A Walk with SGD: Yoshua Bengio Et Al. Paper That Helps Explain Why/How SGD Works Well for DL

(Will) #1

A Walk with SGD

I wanted to bring this recent paper to @jeremy 's attention. It’s not explaining state of the art results but what I really liked about it was the strong intuition it helped me build about why SGD works, how it interacts with the LR and batch size and why the fastai approaches implementing SGD with restarts Cycle Len, Cycle Mult work so well. I think there might be some graphs and concepts in here that help explain SGD to future students of the course.

Two example concepts from the paper that really helped me:

“This suggests that the noise from a small mini-batch size facilitates exploration that may lead to better minima and that this is hard to achieve by changing the learning rate.”
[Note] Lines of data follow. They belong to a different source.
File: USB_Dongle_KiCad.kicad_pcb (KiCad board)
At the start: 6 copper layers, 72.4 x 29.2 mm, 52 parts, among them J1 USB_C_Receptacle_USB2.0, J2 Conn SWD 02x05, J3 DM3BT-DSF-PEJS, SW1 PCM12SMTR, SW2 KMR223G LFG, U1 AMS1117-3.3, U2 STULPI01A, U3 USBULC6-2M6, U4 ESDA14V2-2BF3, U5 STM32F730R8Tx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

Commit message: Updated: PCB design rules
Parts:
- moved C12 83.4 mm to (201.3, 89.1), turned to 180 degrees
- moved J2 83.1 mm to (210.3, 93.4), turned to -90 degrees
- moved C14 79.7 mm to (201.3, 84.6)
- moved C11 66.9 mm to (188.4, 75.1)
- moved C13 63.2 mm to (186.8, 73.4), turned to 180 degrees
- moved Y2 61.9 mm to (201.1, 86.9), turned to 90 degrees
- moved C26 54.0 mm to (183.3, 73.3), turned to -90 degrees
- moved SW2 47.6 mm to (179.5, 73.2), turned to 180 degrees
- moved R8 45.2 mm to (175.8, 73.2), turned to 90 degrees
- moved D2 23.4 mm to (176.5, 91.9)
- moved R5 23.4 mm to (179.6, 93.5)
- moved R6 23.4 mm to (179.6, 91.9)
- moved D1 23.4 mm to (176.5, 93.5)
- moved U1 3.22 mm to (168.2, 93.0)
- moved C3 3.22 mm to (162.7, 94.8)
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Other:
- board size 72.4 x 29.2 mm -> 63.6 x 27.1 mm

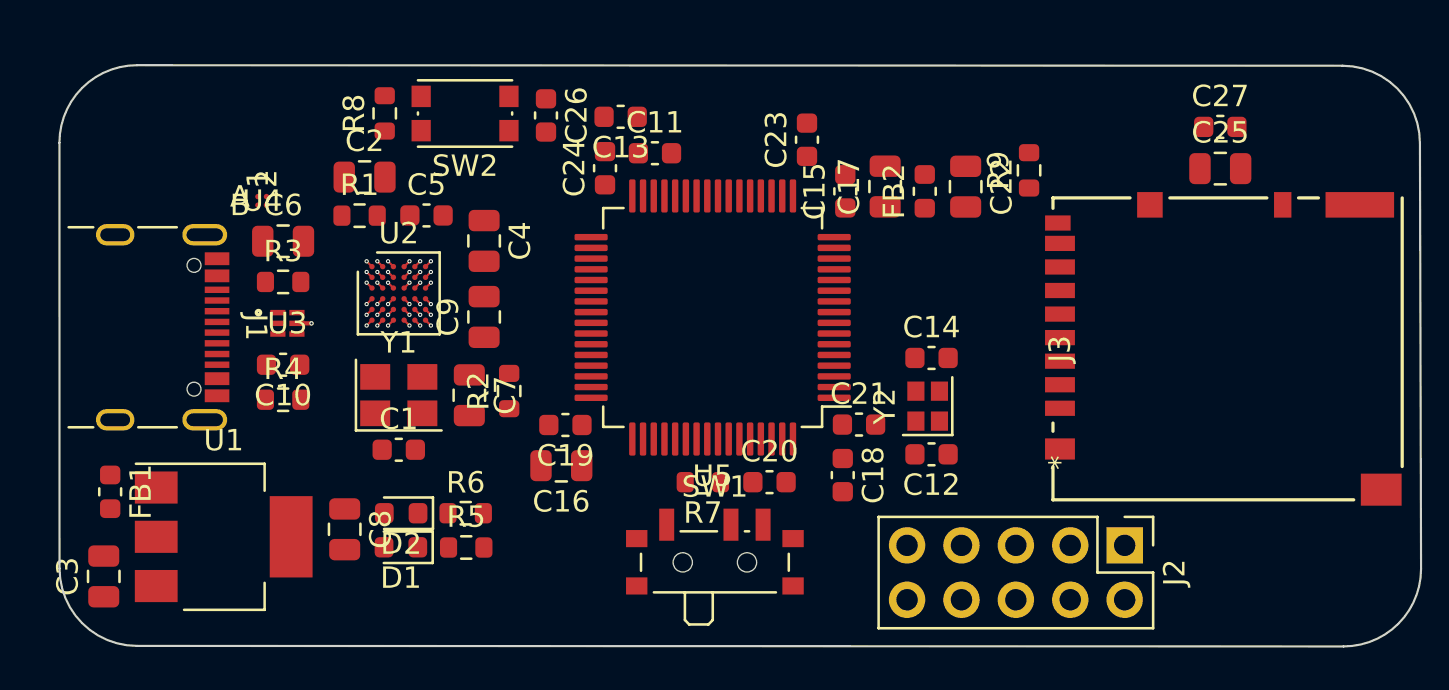
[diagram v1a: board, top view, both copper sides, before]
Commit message: Update: Routing of high speed tracks
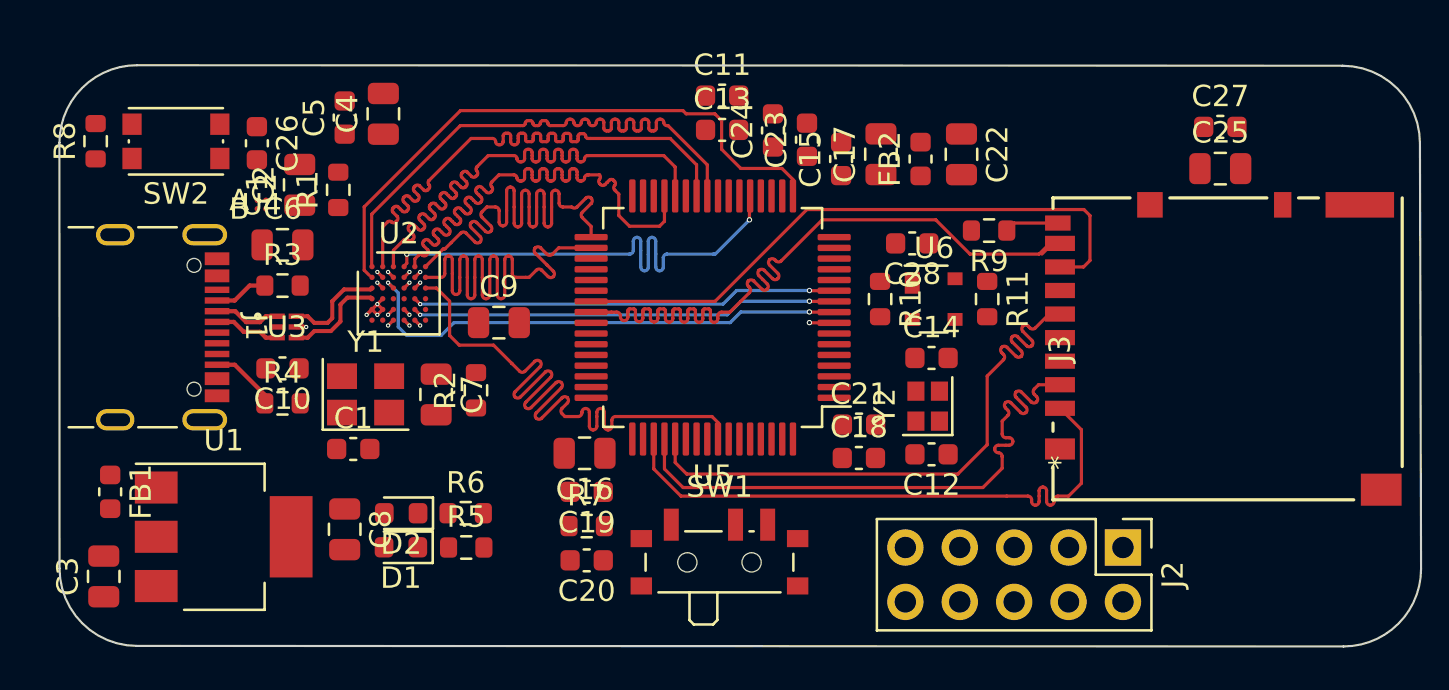
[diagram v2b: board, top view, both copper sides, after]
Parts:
- added C28: 100n, Capacitor_SMD:C_0603_1608Metric, F.Cu at (200.4, 79.3)
- added R10: 2.2k, Resistor_SMD:R_0603_1608Metric, F.Cu at (198.9, 81.9)
- added R11: 10k, Resistor_SMD:R_0603_1608Metric, F.Cu at (203.9, 81.9)
- added U6: CAT811TTBI-GT3, Package_TO_SOT_SMD:SOT-143, F.Cu at (201.4, 81.9)
- moved C26 13.6 mm to (169.8, 74.6)
- moved R8 13.6 mm to (162.3, 74.5)
- moved SW2 13.6 mm to (166.0, 74.5)
- moved C20 9.28 mm to (185.2, 94.1), turned to 180 degrees
- moved C24 8.04 mm to (193.9, 74.0)
- moved C4 7.57 mm to (175.7, 73.2), turned to 90 degrees
- moved C5 5.96 mm to (173.9, 73.4), turned to 90 degrees
- moved R7 5.80 mm to (185.2, 92.5), turned to 0 degrees
- moved C13 4.78 mm to (191.5, 74.0), turned to 0 degrees
- moved C11 4.13 mm to (191.5, 72.4)
- moved R9 3.37 mm to (204.0, 78.7), turned to 180 degrees
- moved C19 3.27 mm to (185.2, 90.9)
- moved C2 3.05 mm to (171.8, 76.6), turned to 90 degrees
- moved C1 2.13 mm to (174.3, 88.9)
- moved R1 1.56 mm to (173.6, 76.8), turned to 90 degrees
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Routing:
- net SDMMC_D1: track 0.00 -> 35.5 mm
- net ULPI_D7: track 0.35 -> 33.3 mm, vias 1 -> 0
- net SDMMC_D0: track 0.00 -> 28.8 mm
- net SDMMC_CLK: track 0.00 -> 28.0 mm
- net SDMMC_D2: track 0.00 -> 27.9 mm
- net SDMMC_D3: track 0.00 -> 27.9 mm
- net ULPI_D0: track 0.35 -> 28.1 mm, vias 1 -> 0
- net ULPI_D6: track 0.35 -> 26.8 mm, vias 1 -> 0
- net ULPI_D1: track 0.35 -> 26.8 mm, vias 1 -> 0
- net ULPI_D2: track 0.35 -> 26.8 mm, vias 1 -> 0
- net ULPI_D5: track 0.35 -> 26.8 mm, vias 1 -> 0
- net ULPI_D3: track 0.35 -> 26.7 mm, vias 1 -> 0
- net ULPI_D4: track 0.35 -> 26.7 mm, vias 1 -> 0
- net ULPI_CLK: track 0.35 -> 23.9 mm, vias 1 -> 2
- net ULPI_CS_PWR: track 0.35 -> 23.6 mm, vias 1 -> 2
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
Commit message: Update: near end of layout
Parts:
- moved R4 0.21 mm to (171.2, 86.8)
- turned C3 to -90 degrees
- turned Y2 to 0 degrees
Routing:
- net VBUS: track 0.00 -> 76.5 mm, vias 0 -> 2
- net NRST: track 0.00 -> 60.1 mm, vias 0 -> 2
- net +3.3V: track 1.41 -> 53.3 mm, vias 4 -> 27
- net GND: track 3.51 -> 52.5 mm, vias 6 -> 45
- net SWCLK: track 0.00 -> 30.2 mm, vias 0 -> 1
- net SWDIO: track 0.00 -> 29.1 mm, vias 0 -> 1
- net ULPI_STP: track 1.16 -> 23.4 mm, vias 1 -> 2
- net SDMMC_CMD: track 0.00 -> 20.9 mm, vias 0 -> 2
- net ULPI_RESET: track 0.35 -> 21.1 mm, vias 1 -> 2
- net SWO: track 0.00 -> 19.9 mm, vias 0 -> 1
- net Net-(SW1-B): track 0.00 -> 17.5 mm
- net Net-(U2-RREF): track 0.35 -> 13.9 mm, vias 1 -> 2
- net BOOT0: track 0.00 -> 11.5 mm, vias 0 -> 2
- net SDMMC_CDS: track 2.53 -> 13.9 mm, vias 0 -> 2
- net Net-(U2-VBUS): track 0.35 -> 10.6 mm, vias 1 -> 2
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- added copper zone on In3.Cu, net +3.3V
- added copper zone on B.Cu, net GND
- added copper zone on F.Cu, net GND
- added copper zone on In1.Cu, net GND
- added copper zone on In4.Cu, net GND

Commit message: Various fixes and other 3D models added
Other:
- board text added: "3.3V"
- board text added: "5V"
- board text added: "Boot SW"
- board text added: "GND"
- board text added: "LEDs"
- board text added: "Regulator"
- board text added: "Reset SW"
- board text added: "STM32"
- board text added: "SWD"
- board text added: "ULPI"
- board text added: "USB-C"
- board text added: "microSD"

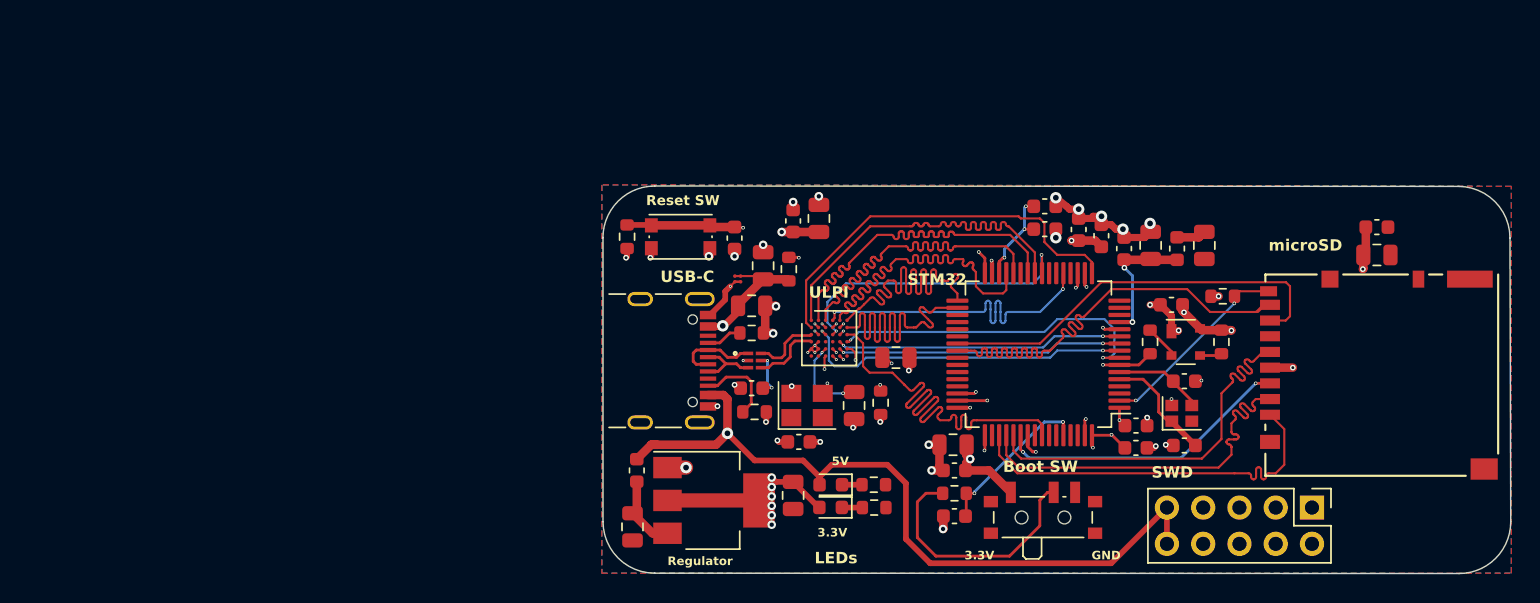
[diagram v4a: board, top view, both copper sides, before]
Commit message: Update: New routing after ULPI component change
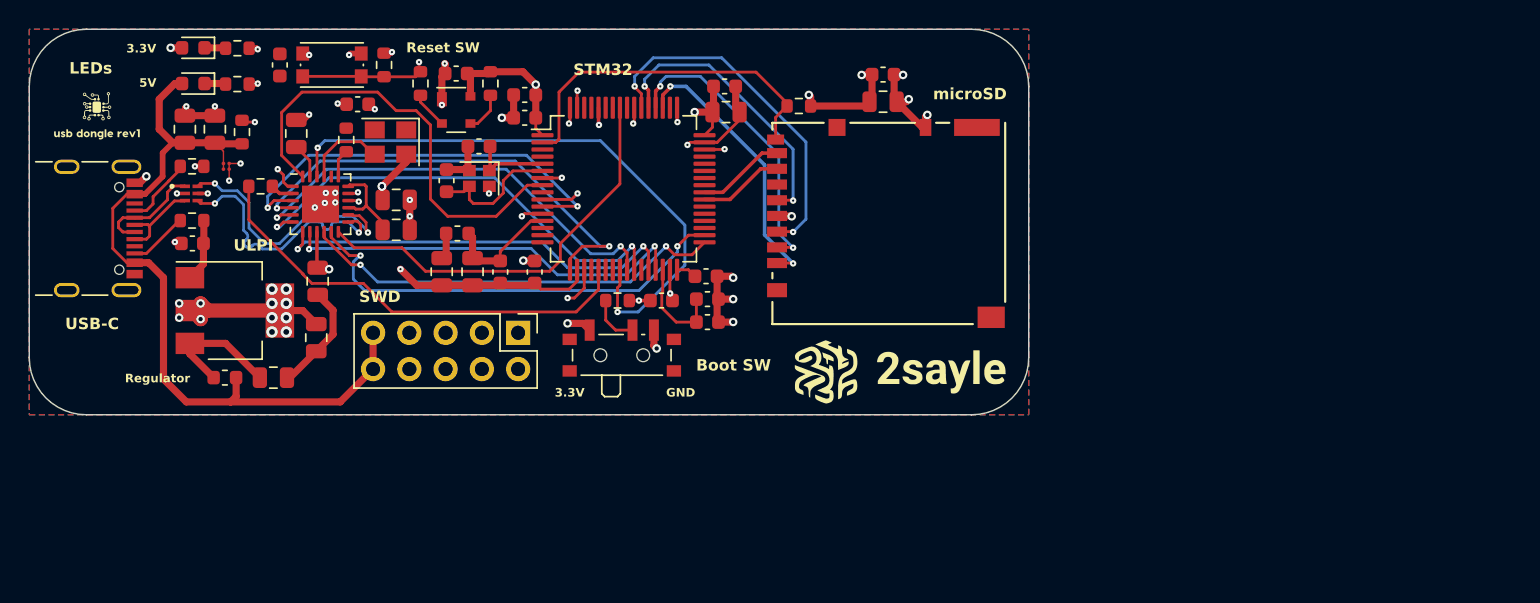
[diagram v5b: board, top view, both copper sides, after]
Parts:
- added G***: LOGO, LOGO, F.Cu at (181.4, 84.0)
- added G***: LOGO, LOGO, F.Cu at (125.2, 66.0)
- added R12: 2.2k, Resistor_SMD:R_0603_1608Metric, F.Cu at (147.8, 63.8)
- C25: value 10u -> 100n; footprint Capacitor_SMD:C_0805_2012Metric -> Capacitor_SMD:C_0603_1608Metric
- C26: value 47n -> 10u; footprint Capacitor_SMD:C_0603_1608Metric -> Capacitor_SMD:C_0805_2012Metric
- C27: value 100n -> 47n
- C5: value 100n -> 1u; footprint Capacitor_SMD:C_0603_1608Metric -> Capacitor_SMD:C_0805_2012Metric
- C6: value 1u -> 22u
- C7: value 1.5u -> 1u
- C8: value 22u -> 1u
- C9: value 1.5u -> 100n
- R1: value 2.2k -> 20k
- R10: value 2.2k -> 10k
- R2: value 12k -> 8.06k
- R6: value 1k -> 22R
- R7: value 10k -> 1k
- R8: value 4.7k -> 10k
- R9: value 10k -> 4.7k
- U2: value STULPI01A -> USB3343; footprint Package_BGA:ST_uTFBGA-36_3.6x3.6mm_Layout6x6_P0.5mm -> Package_DFN_QFN:QFN-24-1EP_4x4mm_P0.5mm_EP2.6x2.6mm
- Y1: value 3225 SMD Oscillator -> 26 MHz
- moved C27 77.7 mm to (137.9, 62.5), turned to 90 degrees
- moved C25 65.7 mm to (150.3, 63.1), turned to 180 degrees
- moved R9 60.9 mm to (145.2, 62.5), turned to -90 degrees
- moved R7 57.8 mm to (135.0, 63.8)
- moved J2 56.9 mm to (154.6, 81.3)
- moved D1 55.0 mm to (131.9, 61.3)
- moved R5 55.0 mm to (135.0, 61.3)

"On the other hand, we find that the learning rate controls the height from the valley floor at which the optimization oscillates along the valley walls which is important for avoiding barriers along SGD’s path. "

(Jason McGhee) #2

Just a friendly note- and please correct me if I’m speaking out of turn here, but I believe Jeremy has requested not to be tagged unless you have a pressing question specifically for him.

He’s very good at replying, I’m sure he’d see this post without the tag.

(Will) #3

Not out of turn at all. I hadn’t seen him request that but it makes perfect sense. Easy to get swamped by notifications on the internet. My apologies Jeremy. @jsonm let me know if you think it’s better to remove the tag or leave it since it’s already done.